Top of Data shown
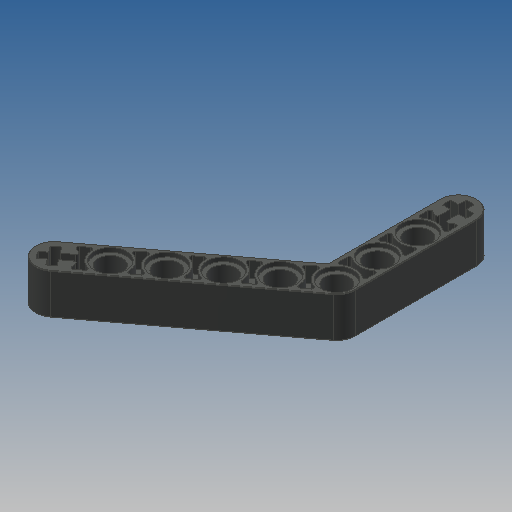
# Autodesk Inventor part: 6629-DkBluishGray
Saved by Autodesk Inventor 2022.2 (Build 262287010, 287A)
## iProperties
Created: 2012-03-21
Part Number: 6629-DkBluishGray
Document SubType Name: Modeling
Designer: D. Kohfeld
Density: 1.06 g/cm^3
Material: ABS Plastic
Appearance: DkBluishGray
Mass: 2.31201 g
Surface Area: 38.6111 cm^2
Volume: 2.18114 cm^3
Author: D. Kohfeld
Autodesk Inventor part; units mm, degrees
ref_plane "YZ Plane" through (0, 0, 0) normal (1, 0, 0) x (0, 1, 0)
ref_plane "XZ Plane" through (0, 0, 0) normal (0, 1, 0) x (-1, 0, 0)
ref_plane "XY Plane" through (0, 0, 0) normal (0, 0, 1) x (1, 0, 0)
sketch "Sketch1" plane through (0, 0, 0) normal (0, 0, 1) x (1, 0, 0)
  line L0 (-3.6, 24) -> (-3.6, 0)
  arc A0 (3.6, 24) -> (-3.6, 24) centre (0, 24) ccw
  circle A1 centre (0, 24) radius 3.2 construction
  circle A2 centre (0, 24) radius 2.4 construction
  line L1 (2.8, 21.7373) -> (2.8, 18.2627)
  line L2 (-2.8, 21.7373) -> (-2.8, 18.2627)
  arc A3 (-2.8, 21.7373) -> (2.8, 21.7373) centre (0, 24) ccw
  arc A4 (2.8, 18.2627) -> (-2.8, 18.2627) centre (0, 16) ccw
  circle A5 centre (0, 16) radius 3.2
  circle A6 centre (0, 16) radius 2.4
  line L3 (-0.8, 20.49) -> (-0.8, 23.2)
  line L4 (-0.8, 23.2) -> (-2.2627, 23.2)
  line L5 (-2.2627, 24.8) -> (-0.8, 24.8)
  line L6 (-0.8, 24.8) -> (-0.8, 26.2627)
  line L7 (0.8, 26.2627) -> (0.8, 24.8)
  line L8 (0.8, 24.8) -> (2.2627, 24.8)
  line L9 (2.2627, 23.2) -> (0.8, 23.2)
  line L10 (0.8, 23.2) -> (0.8, 20.49)
  arc A7 (-2.2627, 24.8) -> (-2.2627, 23.2) centre (0, 24) ccw
  arc A8 (0.8, 26.2627) -> (-0.8, 26.2627) centre (0, 24) ccw
  arc A9 (2.2627, 23.2) -> (2.2627, 24.8) centre (0, 24) ccw
  line L11 (3.6, 0) -> (3.6, 24)
  arc A10 (-3.6, 0) -> (3.6, 0) centre (0, 0) ccw
  line L12 (2.16, -2.88) -> (-29.84, -26.8801)
  arc A11 (-34.16, -21.1201) -> (-29.84, -26.8801) centre (-32, -24.0001) ccw
  line L13 (-34.16, -21.1201) -> (-3.6, 1.8)
  circle A12 centre (-6.4, -4.8) radius 3.2
  circle A13 centre (-12.8, -9.6) radius 3.2
  circle A14 centre (-19.2, -14.4) radius 3.2
  circle A15 centre (-25.6, -19.2) radius 3.2
  line L14 (-32, -24.0001) -> (-25.6, -19.2) construction
  line L15 (-25.6, -19.2) -> (-19.2, -14.4) construction
  line L16 (-19.2, -14.4) -> (-12.8, -9.6) construction
  line L17 (-12.8, -9.6) -> (-6.4, -4.8) construction
  line L18 (-6.4, -4.8) -> (0, 0) construction
  line L19 (0, 24) -> (0, 16) construction
  line L20 (0, 16) -> (0, 8) construction
  line L21 (0, 8) -> (0, 0) construction
  circle A16 centre (0, 8) radius 3.2
  circle A17 centre (0, 8) radius 2.4
  circle A18 centre (0, 0) radius 3.2
  circle A19 centre (0, 0) radius 2.4
  circle A20 centre (-6.4, -4.8) radius 2.4
  circle A21 centre (-12.8, -9.6) radius 2.4
  circle A22 centre (-19.2, -14.4) radius 2.4
  circle A23 centre (-25.6, -19.2) radius 2.4
  circle A24 centre (-32, -24.0001) radius 2.4 construction
  circle A25 centre (-32, -24.0001) radius 3.2 construction
  line L22 (2.8, 13.7373) -> (2.8, 10.2627)
  line L23 (-2.8, 13.7373) -> (-2.8, 10.2627)
  arc A26 (-2.8, 13.7373) -> (2.8, 13.7373) centre (0, 16) ccw
  arc A27 (2.8, 10.2627) -> (-2.8, 10.2627) centre (0, 8) ccw
  line L24 (2.8, 5.7373) -> (2.8, 2.2627)
  line L25 (-2.8, 5.7373) -> (-2.8, 2.2627)
  arc A28 (-2.8, 5.7373) -> (2.8, 5.7373) centre (0, 8) ccw
  arc A29 (2.8, 2.2627) -> (-2.8, 2.2627) centre (0, 0) ccw
  line L26 (-3.4902, 0.8823) -> (-6.2698, -1.2024)
  line L27 (-2.9098, -5.6824) -> (-0.1302, -3.5976)
  arc A30 (-2.9098, -5.6824) -> (-6.2698, -1.2024) centre (-6.4, -4.8) ccw
  arc A31 (-3.4902, 0.8823) -> (-0.1302, -3.5976) centre (0, 0) ccw
  line L28 (-9.8902, -3.9177) -> (-12.6698, -6.0024)
  line L29 (-9.3098, -10.4824) -> (-6.5302, -8.3977)
  arc A32 (-9.3098, -10.4824) -> (-12.6698, -6.0024) centre (-12.8, -9.6) ccw
  arc A33 (-9.8902, -3.9177) -> (-6.5302, -8.3977) centre (-6.4, -4.8) ccw
  line L30 (-16.2902, -8.7177) -> (-19.0698, -10.8024)
  line L31 (-15.7098, -15.2824) -> (-12.9302, -13.1977)
  arc A34 (-15.7098, -15.2824) -> (-19.0698, -10.8024) centre (-19.2, -14.4) ccw
  arc A35 (-16.2902, -8.7177) -> (-12.9302, -13.1977) centre (-12.8, -9.6) ccw
  line L32 (-22.6902, -13.5177) -> (-25.4698, -15.6024)
  line L33 (-22.1098, -20.0824) -> (-19.3302, -17.9977)
  arc A36 (-22.1098, -20.0824) -> (-25.4698, -15.6024) centre (-25.6, -19.2) ccw
  arc A37 (-22.6902, -13.5177) -> (-19.3302, -17.9977) centre (-19.2, -14.4) ccw
  line L34 (-29.0902, -18.3177) -> (-31.8698, -20.4024)
  line L35 (-28.5098, -24.8824) -> (-25.7302, -22.7977)
  arc A38 (-28.5098, -24.8824) -> (-31.8698, -20.4024) centre (-32, -24.0001) ccw
  arc A39 (-29.0902, -18.3177) -> (-25.7302, -22.7977) centre (-25.6, -19.2) ccw
  line L36 (-34.2901, -24.7177) -> (-33.12, -23.8401)
  line L37 (-33.12, -23.8401) -> (-33.9976, -22.6699)
  line L38 (-32.7176, -21.7099) -> (-31.84, -22.8801)
  line L39 (-31.84, -22.8801) -> (-29.672, -21.2541)
  line L40 (-33.3301, -25.9977) -> (-32.16, -25.1201)
  line L41 (-32.16, -25.1201) -> (-31.2823, -26.2902)
  line L42 (-30.0023, -25.3302) -> (-30.88, -24.1601)
  line L43 (-30.88, -24.1601) -> (-28.712, -22.5341)
  arc A40 (-32.7176, -21.7099) -> (-33.9976, -22.6699) centre (-32, -24.0001) ccw
  arc A41 (-34.2901, -24.7177) -> (-33.3301, -25.9977) centre (-32, -24.0001) ccw
  arc A42 (-31.2823, -26.2902) -> (-30.0023, -25.3302) centre (-32, -24.0001) ccw
  point P0 (-0.8, 12.49)
  point P1 (0.8, 12.49)
  point P2 (-0.8, 4.49)
  point P3 (0.8, 4.49)
  dimension "d32" = 7.2
  dimension "d49" = 6.4
  dimension "d50" = 4.8
  dimension "d52" = 0.8
  dimension "d62" = 1.6
  dimension "d76" = 8
  dimension "d77" = 8
  dimension "d78" = 4.8
  dimension "d81" = 8
  dimension "d86" = 0.8
  dimension "d89" = 8
  dimension "d94" = 1.6
  dimension "d95" = 1.6
  dimension "d96" = 1.6
  dimension "d97" = 53.13
  constraints: 88 end point, 71 point on circle, 43 centre point, 23 equal radius, 19 equal length, 16 coincident, 13 parallel, 8 perpendicular, 6 tangent, 5 collinear, 4 concentric, 4 vertical, 3 vertical alignment, 2 horizontal alignment, 2 point on line, 65 other
  measures "d32" diameter of A0
  measures "d49" diameter of A1
  measures "d50" diameter of A2
  measures "d52" distance between parallel lines of L0 L2
  measures "d62" distance between parallel lines of L10 L3
  measures "d76" distance of L17.end L18.end
  measures "d77" distance of L19.start L19.end
  measures "d78" diameter of A24
  measures "d81" distance of L2.start L23.start
  measures "d86" distance between parallel lines of L13 L26
  measures "d89" distance of L26.start L28.start
  measures "d94" distance between parallel lines of L36 L40
  measures "d95" distance between parallel lines of L43 L39
  measures "d96" distance between parallel lines of L38 L37
  measures "d97" angle of L11 L12
extrude "Extrusion1" add sketch "Sketch1" along normal mid plane 8 contours A0 L11 A10 A31 L26 L0 | L0 L26 A30 L27 A10 L12 A11 L13 | L26 A31 L0 | L0 A10 L27 A30 L26 | A5 | A12 | A13 | A14 | A15 | A16 | A18 | L22 A27 L23 A26 | L24 A29 L25 A28 | A33 L29 A32 L28 | A35 L31 A34 L30 | A37 L33 A36 L32
sketch "Sketch6" plane through (0, 0, 4) normal (0, 0, 1) x (1, 0, 0)
  circle A0 centre (0, 24) radius 3.2 projected
  line L0 (2.8, 21.7373) -> (2.8, 18.2627) projected
  arc A1 (-2.8, 21.7373) -> (2.8, 21.7373) centre (0, 24) ccw projected
  arc A2 (2.8, 18.2627) -> (-2.8, 18.2627) centre (0, 16) ccw projected
  line L1 (-2.8, 21.7373) -> (-2.8, 18.2627) projected
  circle A3 centre (0, 16) radius 3.2 projected
  circle A4 centre (0, 16) radius 3.1 projected
  line L2 (3.6, 24) -> (3.6, 0) projected
  line L3 (3.6, 0) -> (3.6, 24) projected
  line L4 (2.8, 13.7373) -> (2.8, 10.2627) projected
  arc A5 (2.8, 10.2627) -> (-2.8, 10.2627) centre (0, 8) ccw projected
  arc A6 (-2.8, 13.7373) -> (2.8, 13.7373) centre (0, 16) ccw projected
  line L5 (-2.8, 13.7373) -> (-2.8, 10.2627) projected
  circle A7 centre (0, 8) radius 3.2 projected
  arc A8 (-2.8, 5.7373) -> (2.8, 5.7373) centre (0, 8) ccw projected
  arc A9 (2.8, 2.2627) -> (-2.8, 2.2627) centre (0, 0) ccw projected
  line L6 (2.8, 5.7373) -> (2.8, 2.2627) projected
  line L7 (-2.8, 5.7373) -> (-2.8, 2.2627) projected
  circle A10 centre (0, 0) radius 3.2 projected
  arc A11 (-2.9098, -5.6824) -> (-6.2698, -1.2024) centre (-6.4, -4.8) ccw projected
  line L8 (-2.9098, -5.6824) -> (-0.1302, -3.5976) projected
  arc A12 (-3.4902, 0.8823) -> (-0.1302, -3.5976) centre (0, 0) ccw projected
  line L9 (-3.4902, 0.8823) -> (-6.2698, -1.2024) projected
  circle A13 centre (-6.4, -4.8) radius 3.2 projected
  arc A14 (-9.8902, -3.9177) -> (-6.5302, -8.3977) centre (-6.4, -4.8) ccw projected
  arc A15 (-9.3098, -10.4824) -> (-12.6698, -6.0024) centre (-12.8, -9.6) ccw projected
  line L10 (-9.3098, -10.4824) -> (-6.5302, -8.3977) projected
  line L11 (-9.8902, -3.9177) -> (-12.6698, -6.0024) projected
  circle A16 centre (-12.8, -9.6) radius 3.2 projected
  circle A17 centre (-19.2, -14.4) radius 3.2 projected
  circle A18 centre (-25.6, -19.2) radius 3.2 projected
  arc A19 (-22.1098, -20.0824) -> (-25.4698, -15.6024) centre (-25.6, -19.2) ccw projected
  arc A20 (-22.6902, -13.5177) -> (-19.3302, -17.9977) centre (-19.2, -14.4) ccw projected
  arc A21 (-15.7098, -15.2824) -> (-19.0698, -10.8024) centre (-19.2, -14.4) ccw projected
  arc A22 (-16.2902, -8.7177) -> (-12.9302, -13.1977) centre (-12.8, -9.6) ccw projected
  line L12 (-15.7098, -15.2824) -> (-12.9302, -13.1977) projected
  line L13 (-16.2902, -8.7177) -> (-19.0698, -10.8024) projected
  line L14 (-22.1098, -20.0824) -> (-19.3302, -17.9977) projected
  line L15 (-22.6902, -13.5177) -> (-25.4698, -15.6024) projected
extrude "Extrusion7" cut sketch "Sketch6" against normal blind 0.8 contours A3 | A4 | A7 | A10 | A13 | A16 | A17 | A18
extrude "Extrusion8" cut sketch "Sketch6" against normal blind 3.1 contours L4 A5 L5 A6 | A8 L6 A9 L7 | A11 L9 A12 L8 | A14 L10 A15 L11 | A19 L15 A20 L14 | A21 L13 A22 L12
mirror "Mirror1" about plane through (0, 0, 0) normal (0, 0, 1) of "Extrusion7", "Extrusion8"
fillet "Fillet2" radius 0.4 60 edges at (-2.8, 18.2627, 0) (-2.8, 21.7373, 0) (2.8, 18.2627, 0) (2.8, 21.7373, 0) (0.8, 20.49, 0) (-0.8, 20.49, 0) (-2.8, 13.7373, 2.45) (-2.8, 10.2627, 2.45) (2.8, 10.2627, 2.45) (2.8, 13.7373, 2.45) (-2.8, 5.7373, 2.45) (-2.8, 2.2627, 2.45) (2.8, 2.2627, 2.45) (2.8, 5.7373, 2.45) (-0.1302, -3.5976, 2.45) (-2.9098, -5.6824, 2.45) (-6.2698, -1.2024, 2.45) (-3.4902, 0.8823, 2.45) (-6.5302, -8.3977, 2.45) (-9.3098, -10.4824, 2.45) (-12.6698, -6.0024, 2.45) (-9.8902, -3.9177, 2.45) (-15.7098, -15.2824, 2.45) (-12.9302, -13.1977, 2.45) (-19.0698, -10.8024, 2.45) (-16.2902, -8.7177, 2.45) (-22.1098, -20.0824, 2.45) (-19.3302, -17.9977, 2.45) (-25.4698, -15.6024, 2.45) (-22.6902, -13.5177, 2.45) (-25.7302, -22.7977, 0) (-28.5098, -24.8824, 0) (-31.8698, -20.4024, 0) (-29.0902, -18.3177, 0) (2.8, 13.7373, -2.45) (2.8, 10.2627, -2.45) (-2.8, 10.2627, -2.45) (-2.8, 13.7373, -2.45) (-2.8, 5.7373, -2.45) (-2.8, 2.2627, -2.45) (2.8, 2.2627, -2.45) (2.8, 5.7373, -2.45) (-3.4902, 0.8823, -2.45) (-6.2698, -1.2024, -2.45) (-2.9098, -5.6824, -2.45) (-0.1302, -3.5976, -2.45) (-9.8902, -3.9177, -2.45) (-12.6698, -6.0024, -2.45) (-9.3098, -10.4824, -2.45) (-6.5302, -8.3977, -2.45) (-16.2902, -8.7177, -2.45) (-19.0698, -10.8024, -2.45) (-15.7098, -15.2824, -2.45) (-12.9302, -13.1977, -2.45) (-19.3302, -17.9977, -2.45) (-22.1098, -20.0824, -2.45) (-25.4698, -15.6024, -2.45) (-22.6902, -13.5177, -2.45) (-28.712, -22.5341, 0) (-29.672, -21.2541, 0)
fillet "Fillet2" radius 0.1 14 edges at (-3.6, 12.9, 4) (0, 27.6, 4) (3.6, 12, 4) (3.2199, -1.61, 4) (0, 27.6, -4) (-3.6, 12.9, -4) (3.2199, -1.61, -4) (3.6, 12, -4) (-34.88, -26.1601, 4) (-13.84, -14.88, 4) (-18.88, -9.66, 4) (-34.88, -26.1601, -4) (-18.88, -9.66, -4) (-13.84, -14.88, -4)
equation "\"lf\" = 0.1"
equation "\"tf\" = 0.4"
body "Solid1"
Bottom of Data shown
Exercise aim —
Above is a listing; print exactly its lines from the one with "circle A13 centre (-6.4, -4.8)" through the one with "about plane through", and no other lines.

Solution —
  circle A13 centre (-6.4, -4.8) radius 3.2 projected
  arc A14 (-9.8902, -3.9177) -> (-6.5302, -8.3977) centre (-6.4, -4.8) ccw projected
  arc A15 (-9.3098, -10.4824) -> (-12.6698, -6.0024) centre (-12.8, -9.6) ccw projected
  line L10 (-9.3098, -10.4824) -> (-6.5302, -8.3977) projected
  line L11 (-9.8902, -3.9177) -> (-12.6698, -6.0024) projected
  circle A16 centre (-12.8, -9.6) radius 3.2 projected
  circle A17 centre (-19.2, -14.4) radius 3.2 projected
  circle A18 centre (-25.6, -19.2) radius 3.2 projected
  arc A19 (-22.1098, -20.0824) -> (-25.4698, -15.6024) centre (-25.6, -19.2) ccw projected
  arc A20 (-22.6902, -13.5177) -> (-19.3302, -17.9977) centre (-19.2, -14.4) ccw projected
  arc A21 (-15.7098, -15.2824) -> (-19.0698, -10.8024) centre (-19.2, -14.4) ccw projected
  arc A22 (-16.2902, -8.7177) -> (-12.9302, -13.1977) centre (-12.8, -9.6) ccw projected
  line L12 (-15.7098, -15.2824) -> (-12.9302, -13.1977) projected
  line L13 (-16.2902, -8.7177) -> (-19.0698, -10.8024) projected
  line L14 (-22.1098, -20.0824) -> (-19.3302, -17.9977) projected
  line L15 (-22.6902, -13.5177) -> (-25.4698, -15.6024) projected
extrude "Extrusion7" cut sketch "Sketch6" against normal blind 0.8 contours A3 | A4 | A7 | A10 | A13 | A16 | A17 | A18
extrude "Extrusion8" cut sketch "Sketch6" against normal blind 3.1 contours L4 A5 L5 A6 | A8 L6 A9 L7 | A11 L9 A12 L8 | A14 L10 A15 L11 | A19 L15 A20 L14 | A21 L13 A22 L12
mirror "Mirror1" about plane through (0, 0, 0) normal (0, 0, 1) of "Extrusion7", "Extrusion8"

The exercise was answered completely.